Monthly edits by user class (in thousands).


[Consistently with the power law, we classified users using an exponential scale: we defined the classes of editors using powers of 10, e.g. 10^0, 10^1, 10^2. This resulted in five classes of users for each month: editors contributing 1 edit (i.e., 10^0), 2 to 9 edits (2-9 class), 10 to 99 (10-99 class), 100 to 999 (100-999 class), and more that 1000 edits (1000+ class).] Note that the classification of the editors was recalculated for each month.

Since the beginning of 2007, the trends of four classes slightly decrease their monthly edits. In contrast, only the highest-frequency class of editors (1000+ edits, dark blue line) shows an increase in their monthly edits.

Another way to look at this data is to analyze the relative amount of activities for each editor class by transforming the data into percentages of the total edits. The figure below complements the information in the figure above by showing the percentage of the volume of edits that each class contributes in relation to the total.


Monthly percentage of edits by each user class.

The two highest frequency classes of editors account for more than half of the total monthly edits (56% from 01/2005 to 08/2008). Furthermore, since 2005 the proportion of contributions by the highest-frequency editor class has increased slightly. In fact, the editors in 1000+ class have kept producing at an increasing rate over the past four years (their average monthly edits per editor for the years 2005 to 2008 were 1740, 1859, 1869, and 2095, respectively).

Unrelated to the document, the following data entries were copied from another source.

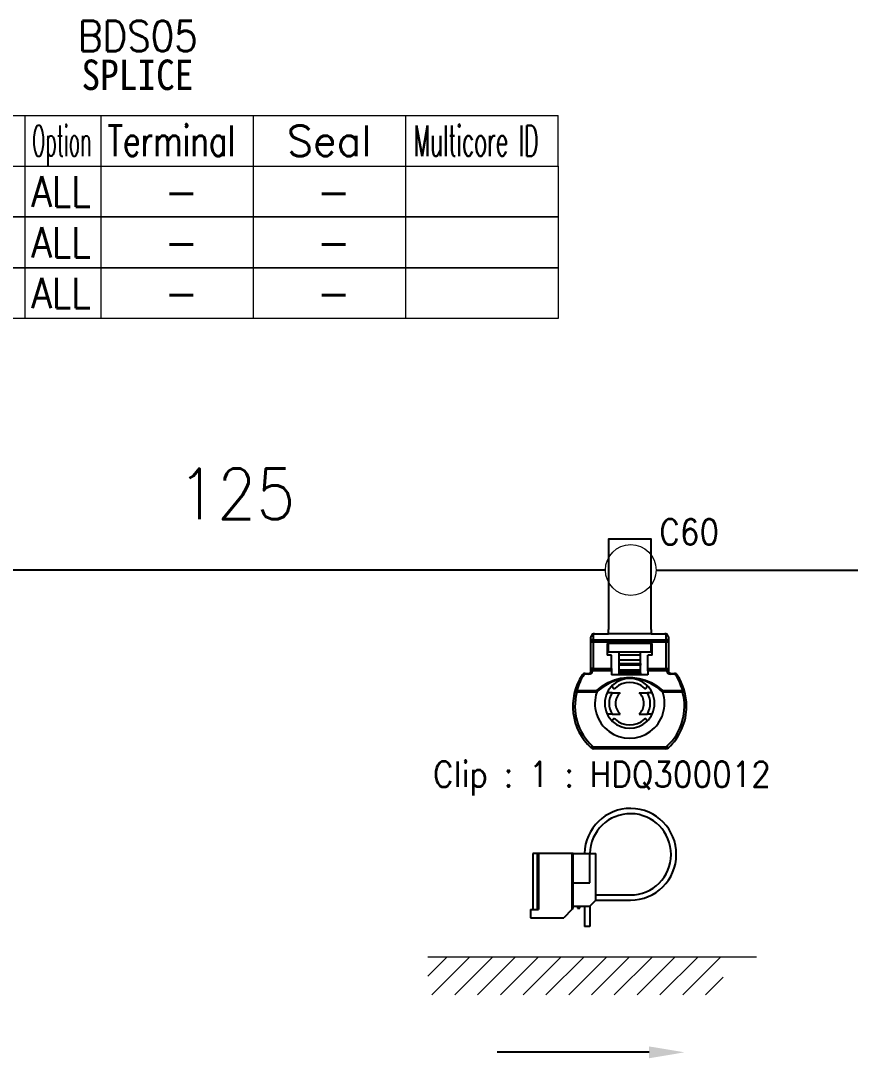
# Model space of a CAD drawing. Header units: inches. Extents: x 47316 to 59086, y 3141 to 11743.
# Drawn here: x 52243.9 to 52325.5, y 5777.4 to 5879.6 of the extents above; entities that cross this region are included whole.
import ezdxf

# ---------------------------------------------------------------- set-up
doc = ezdxf.new("R2010")
doc.units = ezdxf.units.IN
doc.header["$MEASUREMENT"] = 0
doc.layers.add('_0', color=7, linetype='Continuous', lineweight=0)
doc.styles.get("Standard").update_dxf_attribs({"font": ''})
doc.styles.get('Standard').set_extended_font_data('SimSun')
doc.linetypes.add('_VH_OTCON', pattern='A,0.0001,[7,VeSys.shx,S=0.1,R=0,X=0,Y=0],-0.4,[7,VeSys.shx,S=0.1,R=0,X=0,Y=0],-0.4,["X",Standard,S=1,R=0,X=-0.5,Y=-0.5],-0.0001,[7,VeSys.shx,S=0.1,R=0,X=0,Y=0],-0.4', length=1.2002)

msp = doc.modelspace()

# ---------------------------------------------------------------- linework, layer by layer
at = {"color": 0, "linetype": 'Continuous', "lineweight": 15}
for p, q in [((52214.28, 5870.31), (52296.78, 5870.31)), ((52214.28, 5865.31), (52296.78, 5865.31))]:
    msp.add_line(p, q, dxfattribs=at)
at = {"color": 7, "linetype": 'Continuous', "lineweight": 15}
for p, q in [((52244.28, 5865.31), (52244.28, 5870.31)), ((52251.78, 5865.31), (52251.78, 5870.31)), ((52266.78, 5865.31), (52266.78, 5870.31)), ((52281.78, 5865.31), (52281.78, 5870.31)), ((52296.78, 5865.31), (52296.78, 5870.31))]:
    msp.add_line(p, q, dxfattribs=at)
at = {"color": 102, "linetype": 'Continuous', "lineweight": 15}
for p, q in [((52244.28, 5860.31), (52244.28, 5865.31)), ((52251.78, 5860.31), (52251.78, 5865.31)), ((52266.78, 5860.31), (52266.78, 5865.31)), ((52281.78, 5860.31), (52281.78, 5865.31)), ((52244.28, 5855.31), (52244.28, 5860.31)), ((52251.78, 5855.31), (52251.78, 5860.31)), ((52266.78, 5855.31), (52266.78, 5860.31)), ((52281.78, 5855.31), (52281.78, 5860.31)), ((52244.28, 5850.31), (52244.28, 5855.31)), ((52251.78, 5850.31), (52251.78, 5855.31)), ((52266.78, 5850.31), (52266.78, 5855.31)), ((52281.78, 5850.31), (52281.78, 5855.31))]:
    msp.add_line(p, q, dxfattribs=at)
at = {"color": 0, "linetype": '_VH_OTCON', "ltscale": 5}
for p, q in [((52301.43, 5825.53), (52227.51, 5825.53)), ((52306.43, 5825.53), (52371.93, 5825.53))]:
    msp.add_line(p, q, dxfattribs=at)
at = {"color": 0, "lineweight": -3}
for p, q in [((52301.73, 5819.26), (52301.73, 5819.68)), ((52305.93, 5819.68), (52305.93, 5819.26)), ((52300.01, 5818.52), (52300.01, 5818.91)), ((52300.22, 5819.06), (52300.22, 5818.67)), ((52300.22, 5818.42), (52300.22, 5818.67)), ((52300.22, 5818.67), (52307.43, 5818.67)), ((52300.36, 5819.2), (52300.36, 5819.26)), ((52300.36, 5819.26), (52301.73, 5819.26)), ((52301.73, 5819.2), (52300.36, 5819.2)), ((52305.93, 5819.26), (52301.73, 5819.26)), ((52301.73, 5819.26), (52301.73, 5819.2)), ((52305.93, 5819.26), (52307.29, 5819.26)), ((52305.93, 5819.2), (52305.93, 5819.26)), ((52307.29, 5819.2), (52305.93, 5819.2)), ((52307.29, 5819.2), (52307.29, 5819.26)), ((52307.43, 5818.67), (52307.43, 5819.06)), ((52307.43, 5818.67), (52307.43, 5818.42)), ((52307.64, 5818.91), (52307.64, 5818.52)), ((52300.01, 5818.42), (52300.01, 5818.52)), ((52300.01, 5815.84), (52300.01, 5818.42)), ((52300.22, 5818.42), (52300.01, 5818.42)), ((52307.43, 5818.42), (52300.22, 5818.42)), ((52300.22, 5818.42), (52300.22, 5815.84)), ((52301.62, 5818.28), (52301.62, 5817.16)), ((52301.73, 5818.28), (52301.62, 5818.28)), ((52305.93, 5818.28), (52301.73, 5818.28)), ((52301.73, 5817.44), (52301.73, 5818.28)), ((52305.93, 5817.44), (52305.93, 5818.28)), ((52306.03, 5818.28), (52305.93, 5818.28)), ((52306.03, 5817.16), (52306.03, 5818.28)), ((52307.43, 5815.84), (52307.43, 5818.42)), ((52307.64, 5818.42), (52307.43, 5818.42)), ((52307.64, 5818.52), (52307.64, 5818.42)), ((52307.64, 5818.42), (52307.64, 5815.84)), ((52302.04, 5817.16), (52301.62, 5817.16)), ((52305.93, 5817.44), (52301.73, 5817.44)), ((52302.04, 5815.84), (52302.04, 5817.16)), ((52302.78, 5817.13), (52302.78, 5817.44)), ((52302.78, 5816.67), (52302.78, 5817.13)), ((52304.88, 5817.13), (52302.78, 5817.13)), ((52302.78, 5816.32), (52302.78, 5816.67)), ((52304.88, 5816.67), (52302.78, 5816.67)), ((52304.88, 5817.13), (52304.88, 5817.44)), ((52304.88, 5816.67), (52304.88, 5817.13)), ((52304.88, 5816.32), (52304.88, 5816.67)), ((52305.61, 5815.84), (52305.61, 5817.16)), ((52306.03, 5817.16), (52305.61, 5817.16)), ((52300.01, 5815.55), (52300.01, 5815.84)), ((52300.22, 5815.84), (52300.01, 5815.84)), ((52302.04, 5815.59), (52300.21, 5815.59)), ((52300.22, 5815.84), (52302.04, 5815.84)), ((52300.22, 5815.84), (52300.22, 5815.66)), ((52302.04, 5815.84), (52302.04, 5815.59)), ((52302.04, 5815.59), (52302.04, 5815.2)), ((52302.78, 5816.17), (52302.78, 5816.32)), ((52302.78, 5816.32), (52304.88, 5816.32)), ((52302.78, 5815.67), (52302.78, 5816.17)), ((52304.88, 5816.17), (52302.78, 5816.17)), ((52302.78, 5815.48), (52302.78, 5815.67)), ((52304.88, 5815.67), (52302.78, 5815.67)), ((52304.88, 5816.32), (52304.88, 5816.17)), ((52304.88, 5815.67), (52304.88, 5816.17)), ((52304.88, 5815.48), (52304.88, 5815.67)), ((52305.61, 5815.84), (52307.43, 5815.84)), ((52305.61, 5815.59), (52305.61, 5815.84)), ((52307.45, 5815.59), (52305.61, 5815.59)), ((52305.61, 5815.59), (52305.61, 5815.2)), ((52307.43, 5815.66), (52307.43, 5815.84)), ((52307.43, 5815.84), (52307.64, 5815.84)), ((52307.64, 5815.84), (52307.64, 5815.55)), ((52299.43, 5815.28), (52299.43, 5815.34)), ((52299.43, 5815.34), (52299.8, 5815.34)), ((52299.8, 5815.28), (52299.43, 5815.28)), ((52299.8, 5815.28), (52299.8, 5815.34)), ((52305.61, 5815.2), (52302.04, 5815.2)), ((52302.78, 5815.41), (52302.78, 5815.48)), ((52304.88, 5815.48), (52302.78, 5815.48)), ((52302.78, 5815.2), (52302.78, 5815.41)), ((52302.78, 5815.41), (52304.88, 5815.41)), ((52304.88, 5815.41), (52304.88, 5815.48)), ((52304.88, 5815.41), (52304.88, 5815.2)), ((52307.85, 5815.34), (52308.23, 5815.34)), ((52307.85, 5815.28), (52307.85, 5815.34)), ((52308.23, 5815.28), (52307.85, 5815.28)), ((52308.23, 5815.28), (52308.23, 5815.34)), ((52298.42, 5813.56), (52298.62, 5813.51)), ((52298.62, 5813.66), (52298.62, 5813.51)), ((52298.62, 5813.66), (52300.6, 5813.66)), ((52300.58, 5813.51), (52298.62, 5813.51)), ((52302.09, 5813.45), (52301.62, 5813.45)), ((52302.09, 5813.45), (52302.9, 5813.45)), ((52302.15, 5814), (52302.15, 5814.19)), ((52304.76, 5813.45), (52305.57, 5813.45)), ((52305.51, 5814.19), (52305.51, 5814)), ((52306.04, 5813.45), (52305.57, 5813.45)), ((52307.06, 5813.66), (52309.04, 5813.66)), ((52309.04, 5813.51), (52307.08, 5813.51)), ((52309.04, 5813.51), (52309.04, 5813.66)), ((52309.04, 5813.51), (52309.24, 5813.56)), ((52302.09, 5811.35), (52301.62, 5811.35)), ((52302.09, 5811.35), (52302.9, 5811.35)), ((52302.15, 5810.62), (52302.15, 5810.74)), ((52304.76, 5811.35), (52305.57, 5811.35)), ((52305.51, 5810.74), (52305.51, 5810.62)), ((52306.04, 5811.35), (52305.57, 5811.35)), ((52300.16, 5808.17), (52300.02, 5808.02)), ((52300.26, 5808.13), (52300.26, 5807.92)), ((52300.26, 5808.13), (52307.4, 5808.13)), ((52307.4, 5807.92), (52300.26, 5807.92)), ((52307.4, 5808.13), (52307.4, 5807.92)), ((52307.49, 5808.17), (52307.64, 5808.02))]:
    msp.add_line(p, q, dxfattribs=at)
msp.add_line((52305.73, 5778.03), (52290.78, 5778.03))
at = {"color": 0, "linetype": 'Continuous', "lineweight": 15}
for points in [[(52214.28, 5860.31), (52214.28, 5865.31), (52296.78, 5865.31), (52296.78, 5860.31)], [(52214.28, 5855.31), (52214.28, 5860.31), (52296.78, 5860.31), (52296.78, 5855.31)], [(52214.28, 5850.31), (52214.28, 5855.31), (52296.78, 5855.31), (52296.78, 5850.31)]]:
    msp.add_lwpolyline(points, close=True, dxfattribs=at)
at = {"color": 0, "lineweight": -3}
for points in [[(52305.93, 5819.68), (52305.93, 5822.48), (52305.93, 5828.57), (52301.73, 5828.57), (52301.73, 5822.48), (52301.73, 5819.68)], [(52300.22, 5819.06), (52300.14, 5819.05), (52300.08, 5819.02), (52300.05, 5819), (52300.03, 5818.97), (52300.02, 5818.94), (52300.01, 5818.91)], [(52300.22, 5818.67), (52300.14, 5818.66), (52300.08, 5818.62), (52300.05, 5818.6), (52300.03, 5818.57), (52300.01, 5818.52)], [(52307.64, 5818.91), (52307.64, 5818.94), (52307.63, 5818.97), (52307.61, 5819), (52307.55, 5819.04), (52307.43, 5819.06)], [(52307.64, 5818.52), (52307.64, 5818.55), (52307.63, 5818.57), (52307.61, 5818.6), (52307.55, 5818.64), (52307.43, 5818.67)], [(52300.22, 5815.66), (52300.14, 5815.65), (52300.08, 5815.63), (52300.05, 5815.61), (52300.03, 5815.59), (52300.01, 5815.55)], [(52300.21, 5815.59), (52300.14, 5815.59), (52300.08, 5815.58), (52300.01, 5815.5)], [(52307.64, 5815.55), (52307.64, 5815.57), (52307.63, 5815.59), (52307.61, 5815.61), (52307.55, 5815.64), (52307.43, 5815.66)], [(52307.65, 5815.5), (52307.64, 5815.52), (52307.63, 5815.54), (52307.61, 5815.56), (52307.55, 5815.59), (52307.45, 5815.59)], [(52299.32, 5815.22), (52299.26, 5815.23), (52299.21, 5815.23), (52299.17, 5815.21), (52299.14, 5815.19)], [(52303.83, 5814.86), (52303.22, 5814.82), (52302.6, 5814.68), (52301.95, 5814.44), (52301.62, 5814.27), (52301.27, 5814.05), (52300.93, 5813.81), (52300.58, 5813.51)], [(52300.6, 5813.66), (52301.13, 5814.08), (52301.71, 5814.44), (52302.34, 5814.71), (52302.93, 5814.87), (52303.53, 5814.95), (52304.15, 5814.95), (52304.77, 5814.86), (52305.37, 5814.69), (52305.95, 5814.44), (52306.53, 5814.08), (52307.06, 5813.66)], [(52307.07, 5813.51), (52306.49, 5813.98), (52305.93, 5814.33), (52305.38, 5814.57), (52304.86, 5814.74), (52304.34, 5814.83), (52303.83, 5814.86)], [(52308.52, 5815.19), (52308.51, 5815.2), (52308.49, 5815.21), (52308.45, 5815.23), (52308.34, 5815.22)], [(52298.62, 5813.66), (52298.55, 5813.66), (52298.49, 5813.64), (52298.46, 5813.62), (52298.44, 5813.61), (52298.42, 5813.56)], [(52300.6, 5813.66), (52300.56, 5813.61), (52300.57, 5813.54), (52300.58, 5813.51)], [(52307.08, 5813.51), (52307.1, 5813.57), (52307.08, 5813.63), (52307.06, 5813.66)], [(52309.24, 5813.56), (52309.23, 5813.58), (52309.22, 5813.61), (52309.2, 5813.62), (52309.14, 5813.65), (52309.04, 5813.66)]]:
    msp.add_lwpolyline(points, dxfattribs=at)
at = {"color": 0, "linetype": 'Continuous', "lineweight": 15}
msp.add_circle((52303.93, 5825.53), 2.5, dxfattribs=at)
at = {"color": 0, "lineweight": -3}
for centre, radius, start, end in [((52300.37, 5818.91), 0.36, 157.9543, 179.5884), ((52300.36, 5818.91), 0.35, 90, 157.754), ((52300.36, 5819.06), 0.14, 89.9934, 179.9972), ((52307.29, 5818.91), 0.35, 22.2457, 90), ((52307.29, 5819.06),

We now focus on specific evidence about what might have contributed to such slowdown. Revert is the action of deleting a prior edit. The following figure shows the percentage of edits that were reverted (reverted edits) monthly for each editor class. Note that edits related to vandalism and edits performed by robots are excluded.


Monthly ratio of reverted edits by editor class

This illustrates two indicators of a growing resistance from the Wikipedia community to new content.

First, the figure shows that the total percentage of edits reverted increased steadily over the years. The total percentage of monthly reverted edits (see dashed black line) has steadily increased over the years for the all classes of editors (e.g. 2.9, 4.2, 4.9, and 5.8 percent of all edits for 2005 through 2008 as shown by the dash line).

Second, more interestingly, low-frequency or occasional editors experience a visibly greater resistance compared to high-frequency editors [see the top two reddish lines, as compared to other lines]. The disparity of treatment of new edits from editors of different classes has been widening steadily over the years at the expense of low-frequency editors.

We consider this as evidence of growing resistance from the Wikipedia community to new content, especially when the edits come from occasional editors.